The effect of pH on the rate of an enzyme-catalysed reaction for three different enzymes (each with a different optimum pH)

  • When investigating the effect of pH on the rate of an enzyme-catalysed reaction, you can use buffer solutions to measure the rate of reaction at different pH values:
    • Buffer solutions each have a specific pH
    • Buffer solutions maintain this specific pH, even if the reaction taking place would otherwise cause the pH of the reaction mixture to change
    • A measured volume of the buffer solution is added to the reaction mixture
    • This same volume (of each buffer solution being used) should be added for each pH value that is being investigated

Investigating the effect of pH on enzyme reaction rates

  • Use the enzyme amylase to breakdown starch at a range of pH values, using iodine solution as an indicator for the reaction occurring
    • Amylase is an enzyme that digests starch (a polysaccharide of glucose) into maltose (a disaccharide of glucose)

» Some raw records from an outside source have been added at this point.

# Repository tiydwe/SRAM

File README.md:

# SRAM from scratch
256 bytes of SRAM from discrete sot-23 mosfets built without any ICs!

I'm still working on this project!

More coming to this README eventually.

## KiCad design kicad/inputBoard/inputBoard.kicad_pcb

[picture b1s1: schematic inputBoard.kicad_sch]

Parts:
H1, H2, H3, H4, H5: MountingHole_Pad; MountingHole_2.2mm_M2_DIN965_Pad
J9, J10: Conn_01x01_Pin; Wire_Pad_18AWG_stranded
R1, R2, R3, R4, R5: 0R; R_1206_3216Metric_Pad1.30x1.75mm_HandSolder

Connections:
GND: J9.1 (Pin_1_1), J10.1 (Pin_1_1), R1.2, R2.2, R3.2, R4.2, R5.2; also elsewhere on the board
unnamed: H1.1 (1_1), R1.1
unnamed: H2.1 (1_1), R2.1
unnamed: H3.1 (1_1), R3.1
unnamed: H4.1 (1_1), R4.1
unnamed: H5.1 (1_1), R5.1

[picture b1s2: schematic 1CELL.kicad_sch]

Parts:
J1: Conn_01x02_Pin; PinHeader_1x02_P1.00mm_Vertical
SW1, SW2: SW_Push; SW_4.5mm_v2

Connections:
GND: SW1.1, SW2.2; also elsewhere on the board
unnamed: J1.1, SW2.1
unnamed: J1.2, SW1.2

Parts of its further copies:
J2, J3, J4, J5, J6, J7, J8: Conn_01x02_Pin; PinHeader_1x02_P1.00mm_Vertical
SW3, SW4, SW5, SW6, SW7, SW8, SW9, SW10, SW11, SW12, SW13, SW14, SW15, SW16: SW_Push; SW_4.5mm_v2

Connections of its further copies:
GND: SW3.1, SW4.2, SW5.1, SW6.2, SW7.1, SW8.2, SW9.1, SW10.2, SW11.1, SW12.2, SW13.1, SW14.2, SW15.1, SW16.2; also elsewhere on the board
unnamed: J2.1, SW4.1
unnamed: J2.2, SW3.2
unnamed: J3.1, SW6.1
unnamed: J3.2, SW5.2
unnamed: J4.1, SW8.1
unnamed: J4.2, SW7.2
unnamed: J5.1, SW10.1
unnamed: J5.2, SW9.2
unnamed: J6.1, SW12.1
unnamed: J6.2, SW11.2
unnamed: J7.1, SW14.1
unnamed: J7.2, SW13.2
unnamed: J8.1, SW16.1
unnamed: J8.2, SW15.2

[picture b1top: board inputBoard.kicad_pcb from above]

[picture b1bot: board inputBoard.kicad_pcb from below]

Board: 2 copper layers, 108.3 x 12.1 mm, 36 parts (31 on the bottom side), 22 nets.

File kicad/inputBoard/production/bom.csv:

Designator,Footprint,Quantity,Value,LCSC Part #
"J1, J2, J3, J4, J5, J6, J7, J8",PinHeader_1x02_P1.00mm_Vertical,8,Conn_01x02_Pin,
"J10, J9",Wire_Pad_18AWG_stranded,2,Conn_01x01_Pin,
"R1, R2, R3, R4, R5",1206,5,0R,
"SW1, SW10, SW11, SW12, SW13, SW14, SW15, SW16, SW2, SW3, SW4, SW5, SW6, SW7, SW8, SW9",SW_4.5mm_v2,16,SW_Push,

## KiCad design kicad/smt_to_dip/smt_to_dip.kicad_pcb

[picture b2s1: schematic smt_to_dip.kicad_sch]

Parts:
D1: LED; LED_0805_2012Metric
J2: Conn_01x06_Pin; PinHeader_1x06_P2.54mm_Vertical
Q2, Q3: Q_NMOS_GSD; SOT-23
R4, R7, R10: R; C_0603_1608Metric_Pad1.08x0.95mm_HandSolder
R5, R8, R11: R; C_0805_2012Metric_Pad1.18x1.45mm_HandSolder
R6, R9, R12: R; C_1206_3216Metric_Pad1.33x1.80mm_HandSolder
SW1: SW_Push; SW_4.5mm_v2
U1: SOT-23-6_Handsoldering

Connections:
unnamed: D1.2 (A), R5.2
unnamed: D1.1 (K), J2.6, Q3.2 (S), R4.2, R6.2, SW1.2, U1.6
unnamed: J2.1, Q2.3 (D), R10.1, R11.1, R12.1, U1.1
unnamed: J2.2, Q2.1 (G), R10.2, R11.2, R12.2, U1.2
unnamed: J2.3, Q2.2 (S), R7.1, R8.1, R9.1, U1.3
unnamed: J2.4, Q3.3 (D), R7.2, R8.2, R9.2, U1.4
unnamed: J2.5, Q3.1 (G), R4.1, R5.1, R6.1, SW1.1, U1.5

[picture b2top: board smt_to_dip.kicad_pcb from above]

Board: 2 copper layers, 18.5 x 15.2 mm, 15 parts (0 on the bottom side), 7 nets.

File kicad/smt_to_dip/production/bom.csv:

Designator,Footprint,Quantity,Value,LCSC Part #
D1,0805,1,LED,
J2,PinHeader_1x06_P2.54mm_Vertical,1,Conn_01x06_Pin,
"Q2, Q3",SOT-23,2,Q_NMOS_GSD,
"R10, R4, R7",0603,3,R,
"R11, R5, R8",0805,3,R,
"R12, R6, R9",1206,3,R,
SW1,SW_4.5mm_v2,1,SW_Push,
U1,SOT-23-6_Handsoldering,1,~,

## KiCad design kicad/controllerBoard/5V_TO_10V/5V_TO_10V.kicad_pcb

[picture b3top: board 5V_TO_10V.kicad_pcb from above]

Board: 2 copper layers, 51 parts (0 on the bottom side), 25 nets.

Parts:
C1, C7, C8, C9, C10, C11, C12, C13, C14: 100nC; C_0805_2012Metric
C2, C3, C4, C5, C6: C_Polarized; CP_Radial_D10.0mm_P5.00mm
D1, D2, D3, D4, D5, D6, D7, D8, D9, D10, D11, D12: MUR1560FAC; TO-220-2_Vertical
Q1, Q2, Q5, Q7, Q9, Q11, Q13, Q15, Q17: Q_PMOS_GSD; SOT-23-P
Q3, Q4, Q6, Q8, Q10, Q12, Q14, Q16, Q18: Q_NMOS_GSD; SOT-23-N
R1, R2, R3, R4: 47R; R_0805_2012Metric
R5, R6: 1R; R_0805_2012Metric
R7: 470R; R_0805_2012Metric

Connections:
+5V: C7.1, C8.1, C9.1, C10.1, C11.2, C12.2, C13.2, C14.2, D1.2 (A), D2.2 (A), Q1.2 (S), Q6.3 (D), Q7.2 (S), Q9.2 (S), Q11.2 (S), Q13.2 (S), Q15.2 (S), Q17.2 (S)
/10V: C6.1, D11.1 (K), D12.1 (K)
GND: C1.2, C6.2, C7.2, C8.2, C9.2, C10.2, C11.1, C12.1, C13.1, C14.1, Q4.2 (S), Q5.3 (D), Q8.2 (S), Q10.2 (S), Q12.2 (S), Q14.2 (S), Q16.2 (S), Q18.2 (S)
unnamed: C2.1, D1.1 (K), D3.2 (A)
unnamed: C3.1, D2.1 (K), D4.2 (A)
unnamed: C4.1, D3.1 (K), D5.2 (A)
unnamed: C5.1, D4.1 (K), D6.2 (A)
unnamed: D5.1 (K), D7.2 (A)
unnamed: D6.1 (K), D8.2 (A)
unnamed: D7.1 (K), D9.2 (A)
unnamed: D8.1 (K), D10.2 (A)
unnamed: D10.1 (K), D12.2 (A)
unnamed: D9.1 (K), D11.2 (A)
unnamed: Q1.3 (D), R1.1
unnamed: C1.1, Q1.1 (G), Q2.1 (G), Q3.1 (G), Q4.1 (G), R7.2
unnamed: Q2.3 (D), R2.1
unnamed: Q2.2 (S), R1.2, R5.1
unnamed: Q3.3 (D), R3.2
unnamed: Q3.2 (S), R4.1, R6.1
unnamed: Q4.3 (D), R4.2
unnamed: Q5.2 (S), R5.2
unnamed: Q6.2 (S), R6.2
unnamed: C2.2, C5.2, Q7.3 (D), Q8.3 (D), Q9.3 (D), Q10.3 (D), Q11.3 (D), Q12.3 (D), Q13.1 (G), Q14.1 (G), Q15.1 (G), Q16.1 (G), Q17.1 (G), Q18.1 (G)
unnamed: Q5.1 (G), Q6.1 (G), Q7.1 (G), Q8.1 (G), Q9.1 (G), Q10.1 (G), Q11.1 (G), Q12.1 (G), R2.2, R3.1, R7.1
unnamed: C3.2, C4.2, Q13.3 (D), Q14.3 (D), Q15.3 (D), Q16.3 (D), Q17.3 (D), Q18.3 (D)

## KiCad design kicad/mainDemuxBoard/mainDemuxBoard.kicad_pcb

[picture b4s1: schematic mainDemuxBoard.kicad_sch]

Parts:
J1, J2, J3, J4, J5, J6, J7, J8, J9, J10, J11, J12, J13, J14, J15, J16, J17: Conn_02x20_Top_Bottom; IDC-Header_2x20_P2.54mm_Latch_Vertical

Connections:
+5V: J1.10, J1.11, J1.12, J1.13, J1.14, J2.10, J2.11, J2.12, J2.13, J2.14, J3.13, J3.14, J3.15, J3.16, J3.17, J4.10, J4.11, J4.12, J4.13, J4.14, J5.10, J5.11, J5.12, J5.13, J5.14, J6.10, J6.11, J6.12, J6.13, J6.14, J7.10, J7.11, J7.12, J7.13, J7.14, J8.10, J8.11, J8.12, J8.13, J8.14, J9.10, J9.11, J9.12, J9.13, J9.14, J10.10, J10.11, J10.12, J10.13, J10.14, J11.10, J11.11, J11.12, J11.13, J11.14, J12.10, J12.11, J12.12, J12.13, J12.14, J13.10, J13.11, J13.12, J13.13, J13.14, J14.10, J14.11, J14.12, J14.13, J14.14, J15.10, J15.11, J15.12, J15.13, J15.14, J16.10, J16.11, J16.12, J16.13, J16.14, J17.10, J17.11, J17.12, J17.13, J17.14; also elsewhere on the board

  • A continuous sampling technique can monitor the progress of the reaction
    • Starch can be tested for using iodine solution

Using iodine to test for starch, IGCSE & GCSE Biology revision notes

Iodine can be used qualitatively to indicate the presence or absence of starch from a sample

Apparatus

  • Test tubes
  • Buffer solutions at different pH levels
  • Amylase solution
  • Iodine solution
  • Starch solution
  • Pipettes
  • Spotting tile
  • Timer
  • Gloves
  • Goggles

Method

  • Wear goggles and gloves
    • Enzymes have the potential to cause allergic reactions if they come into direct contact with skin

  • Place single drops of iodine solution in rows on the tile
    • Iodine solution is orange-brown

  • Label a test tube with the pH to be tested
  • Use the syringe to place 2cm3 of amylase in the test tube
    • Equal volume and concentration of enzyme should be used so these variables are controlled and the effect of changing pH can be measured

  • Add 1cm3 of buffer solution to the test tube using a syringe
  • Use another test tube to add 2cm3 of starch solution to the amylase and buffer solution, start the stopwatch whilst mixing using a pipette
    • Equal volume and concentration of the substrate (starch) should be used so these variables are controlled and the effect of changing pH can be measured
    • Mixing enables the enzymes and substrate to be equally mixed

  • After 10 seconds, use a pipette to place one drop of the mixture on the first drop of iodine, which should turn blue-black
    • This test indicates whether starch is still present

  • Wait another 10 seconds and place another drop of the mixture on the second drop of iodine
  • Repeat every 10 seconds until iodine solution remains orange-brown
    • When the solution remains orange-brown it means amylase has broken down all of the starch so nothing is left to react with the iodine

  • Repeat experiment at different pH values
    • The less time the iodine solution takes to remain orange-brown, the quicker all the starch has been digested and so the better the enzyme works at that pH

Investigating effect pH on enzyme activity, IGCSE & GCSE Chemistry revision notes

Investigating the effect of pH on enzyme activity

Limitations

  • The above method can be adapted to control temperature by using a water bath at 35℃
    • All solutions that need to be used (starch, amylase, pH buffers) should be placed in a water bath and allowed to reach the temperature (using a thermometer to check) before being used

  • A colorimeter can be used to measure the progress of the reaction more accurately; with a solution containing starch being darker and glucose lighter (as a result of the colour-change of iodine) – this will affect the absorbance or transmission of light in a colorimeter

Examiner Tip

Temperature can both affect the speed at which molecules are moving (and therefore the number of collisions between enzyme and substrate in a given time) and can denature enzymes (at high temperatures). pH, however, does not affect collision rate but only disrupts the ability of the substrate to bind with the enzyme, reducing the number of successful collisions until eventually, the active site changes shape so much that no more successful collisions can occur.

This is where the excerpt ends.